FIG. 2 shows another embodiment of the invention. This example is the first
This is an improved inert gas introduction boat 24 and exhaust port 25 compared to the unloading rotor shown in the figure. The gas introduction boat 24 is provided with one gas introduction port 26 for each wafer 5, and similarly, the exhaust port 25 is provided with one exhaust port 27 for each wafer 5. ing.

This allows the inert gas to flow effectively over the surface of the wafer 5, which has the advantage that reactive gas remaining on the wafer surface can be removed with higher efficiency.

[Effects of the Invention] As explained above, the present invention allows an inert gas treated with an ionizer or a heater to flow through the vacuum preliminary chamber to maintain the ion concentration or gas temperature at a predetermined level or higher. The dissociation and evacuation of reactive gases remaining on the wafer surface can be performed more effectively than in conventional techniques. Furthermore, since this process can be performed before the wafer is discharged into the atmosphere, it is possible to prevent moisture from the atmosphere from entering during the process.

This can reduce the phenomenon in which the metal film on the wafer is corroded due to the reaction between moisture in the atmosphere and the reactive gas remaining on the wafer surface.

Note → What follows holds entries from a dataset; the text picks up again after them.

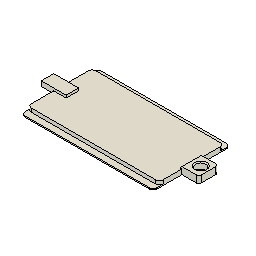
receiver_assembly (Autodesk Fusion 360 archive; units mm, degrees)
design "receiver_battery_door"
Autodesk Fusion 360 part; units mm, degrees
sketch "Sketch1" plane through (0, 0, 0) normal (0, 1, 0) x (1, 0, 0)
  line L0 (26.45, 12.95) -> (-26.45, 12.95)
  line L1 (-26.45, 12.95) -> (-26.45, -12.95)
  line L2 (-26.45, -12.95) -> (26.45, -12.95)
  line L3 (26.45, -12.95) -> (26.45, 12.95)
  line L4 (26.45, 12.95) -> (-26.45, -12.95) construction
  line L5 (-26.45, 12.95) -> (26.45, -12.95) construction
  line L6 (26.45, -15.45) -> (-26.45, -15.45)
  line L7 (-26.45, -15.45) -> (-26.45, 15.45)
  line L8 (-26.45, 15.45) -> (26.45, 15.45)
  line L9 (26.45, 15.45) -> (26.45, -15.45)
  line L10 (26.45, -15.45) -> (-26.45, 15.45) construction
  line L11 (-26.45, -15.45) -> (26.45, 15.45) construction
  dimension "d1" = 52.9
  dimension "d2" = 25.9
  dimension "d9" = 2.5
  constraint horizontal L0
  constraint perpendicular L0 L1
  constraint parallel L0 L2
  constraint parallel L1 L3
  constraint coincident L4 origin
  constraint coincident L5 origin
  constraint horizontal L6
  constraint perpendicular L6 L7
  constraint parallel L6 L8
  constraint parallel L7 L9
  constraint coincident L10 origin
  constraint coincident L11 origin
  constraint coincident L2.end L9
  measures "d1" distance of L0.start L0.end
  measures "d2" distance of L0.end L1.end
  measures "d9" distance of L2 L6
extrude "Extrude1" add sketch "Sketch1" along normal blind 2 contours L0 L1 L2 L3 L7 L9
sketch "Sketch2" plane through (0, 2, 0) normal (0, 1, 0) x (-1, 0, 0)
  line L0 (-26.45, 12.95) -> (-26.45, -12.95)
  line L1 (-26.45, -12.95) -> (26.45, -12.95)
  line L2 (26.45, -12.95) -> (26.45, 12.95)
  line L3 (26.45, 12.95) -> (-26.45, 12.95)
  line L4 (21.45, -2.5) -> (31.45, -2.5)
  line L5 (31.45, -2.5) -> (31.45, 2.5)
  line L6 (31.45, 2.5) -> (21.45, 2.5)
  line L7 (21.45, 2.5) -> (21.45, -2.5)
  line L8 (21.45, -2.5) -> (31.45, 2.5) construction
  line L9 (31.45, -2.5) -> (21.45, 2.5) construction
  point P0 (26.45, 0)
  dimension "d5" = 10
  dimension "d6" = 5
  constraint horizontal L4
  constraint perpendicular L4 L5
  constraint parallel L4 L6
  constraint parallel L5 L7
  constraint coincident L8 P0
  constraint coincident L9 P0
  constraint midpoint L2 P0
  measures "d5" distance of L5.end L6.end
  measures "d6" distance of L4.end L5.end
extrude "Extrude2" add sketch "Sketch2" along normal mid plane 2 contours L2 L4 L5 L6 | L2 L4 L6 L7
extrude "Extrude3" add sketch "Sketch1" along normal blind 0.5
sketch "Sketch3" plane through (0, 0, 0) normal (0, 0, 1) x (1, 0, 0)
  line L0 (26.45, 0.5) -> (-26.45, 0.5)
  line L1 (-26.45, 0.5) -> (-26.45, 2)
  line L2 (-26.45, 2) -> (26.45, 2)
  line L3 (26.45, 2) -> (26.45, 0.5)
  line L4 (26.45, 0) -> (-26.45, 0)
  line L5 (-26.45, 0) -> (-26.45, 0.5)
  line L6 (-26.45, 0.5) -> (26.45, 0.5)
  line L7 (26.45, 0.5) -> (26.45, 0)
  line L8 (26.45, 0) -> (28.55, 0)
  line L9 (28.55, 0) -> (28.55, 2)
  line L10 (28.55, 2) -> (26.45, 2)
  line L11 (26.45, 2) -> (26.45, 0)
  line L12 (28.55, 0) -> (29.55, 0)
  line L13 (29.55, 0) -> (29.55, 5.95)
  line L14 (29.55, 5.95) -> (28.55, 5.95)
  line L15 (28.55, 5.95) -> (28.55, 0)
  line L16 (28.55, 5.95) -> (27.55, 5.95)
  line L17 (27.55, 5.95) -> (27.55, 4.05)
  line L18 (27.55, 4.05) -> (28.55, 4.05)
  line L19 (28.55, 4.05) -> (28.55, 5.95)
  line L20 (28.55, 5.95) -> (27.55, 4.05)
  line L21 (27.55, 5.95) -> (28.55, 4.05) construction
  line L22 (29.55, 5.95) -> (28.4726, 5.3162)
  line L23 (28.4726, 5.3162) -> (31.9726, -0.6338)
  line L24 (31.9726, -0.6338) -> (33.05, 0)
  line L25 (33.05, 0) -> (29.55, 5.95)
  line L26 (33.05, 0) -> (33.05, -1.5)
  line L27 (33.05, -1.5) -> (31.9726, -1.5)
  line L28 (31.9726, -1.5) -> (31.9726, -0.6338)
  line L29 (33.05, 0) -> (29.55, 0) construction
  point P0 (28.05, 5)
  dimension "d12" = 2.1
  dimension "d13" = 2
  dimension "d14" = 1
  dimension "d17" = 3
  dimension "d18" = 1.9
  dimension "d19" = 1
  dimension "d20" = 1.25
  dimension "d21" = 3.5
  dimension "d27" = 1.5
  constraint horizontal L8
  constraint vertical L9
  constraint horizontal L10
  constraint vertical L11
  constraint coincident L4.start L7.end
  constraint horizontal L12
  constraint vertical L13
  constraint horizontal L14
  constraint vertical L15
  constraint horizontal L16
  constraint perpendicular L16 L17
  constraint parallel L16 L18
  constraint parallel L17 L19
  constraint coincident L20 P0
  constraint coincident L21 P0
  constraint coincident L15 L14.end
  constraint coincident L14.end L15.start
  constraint perpendicular L22 L23
  constraint parallel L22 L24
  constraint parallel L23 L25
  constraint vertical L26
  constraint perpendicular L26 L27
  constraint perpendicular L27 L28
  constraint horizontal L29
  measures "d12" distance of L4.start L8.end
  measures "d13" distance of L4.start L2.end
  measures "d14" distance of L8.end L12.end
  measures "d17" distance of L10 P0
  measures "d18" distance of L16.end L17.end
  measures "d19" distance of L17.end L18.end
  measures "d20" distance of L13.end L22.end
  measures "d21" horizontal distance of L12.end L24.end
  measures "d27" distance of L12 L27
sketch "Sketch4" plane through (0, 0, 0) normal (0, 0, 1) x (1, 0, 0)
  line L0 (26.45, 0.5) -> (-26.45, 0.5)
  line L1 (-26.45, 0.5) -> (-26.45, 2)
  line L2 (-26.45, 2) -> (26.45, 2)
  line L3 (26.45, 2) -> (26.45, 0.5)
  line L4 (26.45, 0) -> (-26.45, 0)
  line L5 (-26.45, 0) -> (-26.45, 0.5)
  line L6 (-26.45, 0.5) -> (26.45, 0.5)
  line L7 (26.45, 0.5) -> (26.45, 0)
  line L8 (28.55, 2) -> (26.45, 2)
  line L9 (26.45, 0) -> (28.55, 0)
  line L10 (28.55, 0) -> (29.55, 0)
  line L11 (29.55, 0) -> (29.55, 5.95)
  line L12 (28.55, 0) -> (28.55, 2)
  line L13 (26.45, 0) -> (33.25, 0)
  line L14 (33.25, 0) -> (33.25, 2.8)
  line L15 (33.25, 2.8) -> (26.45, 2.8)
  line L16 (26.45, 2.8) -> (26.45, 0)
  dimension "d30" = 6.8
  dimension "d34" = 2.8
  constraint horizontal L13
  constraint vertical L14
  constraint horizontal L15
  constraint vertical L16
  constraint coincident L4.start L7.end
  measures "d30" distance of L4.start L13.end
  measures "d34" distance of L13.end L14.end
extrude "Extrude6" add sketch "Sketch4" along normal mid plane 7.8 contours L3 L7 L8 L9 L12 L13 L16 | L8 L10 L11 L12 L13 L15 L16 | L11 L13 L14 L15
sketch "Sketch6" plane through (0, 2.8, 0) normal (0, 1, 0) x (-1, 0, 0)
  line L0 (-26.45, -3.9) -> (-26.45, 3.9)
  line L1 (-26.45, 3.9) -> (-33.25, 3.9)
  line L2 (-33.25, 3.9) -> (-33.25, -3.9)
  line L3 (-33.25, -3.9) -> (-26.45, -3.9)
  circle A0 centre (-30, -0.1) radius 2.05
  dimension "d35" = 4.1
  dimension "d38" = 4
  dimension "d39" = 3.55
  measures "d35" diameter of A0
  measures "d38" distance of L1 A0.centre
  measures "d39" distance of L0 A0.centre
extrude "Extrude8" cut sketch "Sketch6" against normal blind 2.5 contours A0
chamfer "Chamfer1" distance 0.4 angle 45 1 edges at (31.9113, 2.8, 0.6413)
chamfer "Chamfer2" distance 0.8 angle 45 1 edges at (26.45, 2, 0)
fillet "Fillet1" radius 1 2 edges at (33.25, 1.4, -3.9) (33.25, 1.4, 3.9)
fillet "Fillet2" radius 1.5 8 edges at (26.45, 1.25, 12.95) (26.45, 0.25, 15.45) (26.45, 1.25, -12.95) (26.45, 0.25, -15.45) (-26.45, 0.25, -15.45) (-26.45, 1.25, -12.95) (-26.45, 0.25, 15.45) (-26.45, 1.25, 12.95)
extrude "Extrude4" [suppressed]
extrude "Extrude5" [suppressed]

[Brief explanation of the drawing]

Claims (1)

[Claims] (1) an etching chamber for etching a metal film on a semiconductor wafer with a reactive gas turned into plasma;
It has a vacuum preliminary chamber into which the wafer after processing is loaded, a rough exhaust pump that evacuates the vacuum preliminary chamber to near atmospheric pressure, and a gas introduction means that introduces an inert gas into the vacuum preliminary chamber,
An etching apparatus characterized in that, after an inert gas is introduced into the vacuum preliminary chamber by the gas introducing means, the interior of the vacuum preliminary chamber is evacuated by the rough exhaust pump in parallel with the introduction of the inert gas.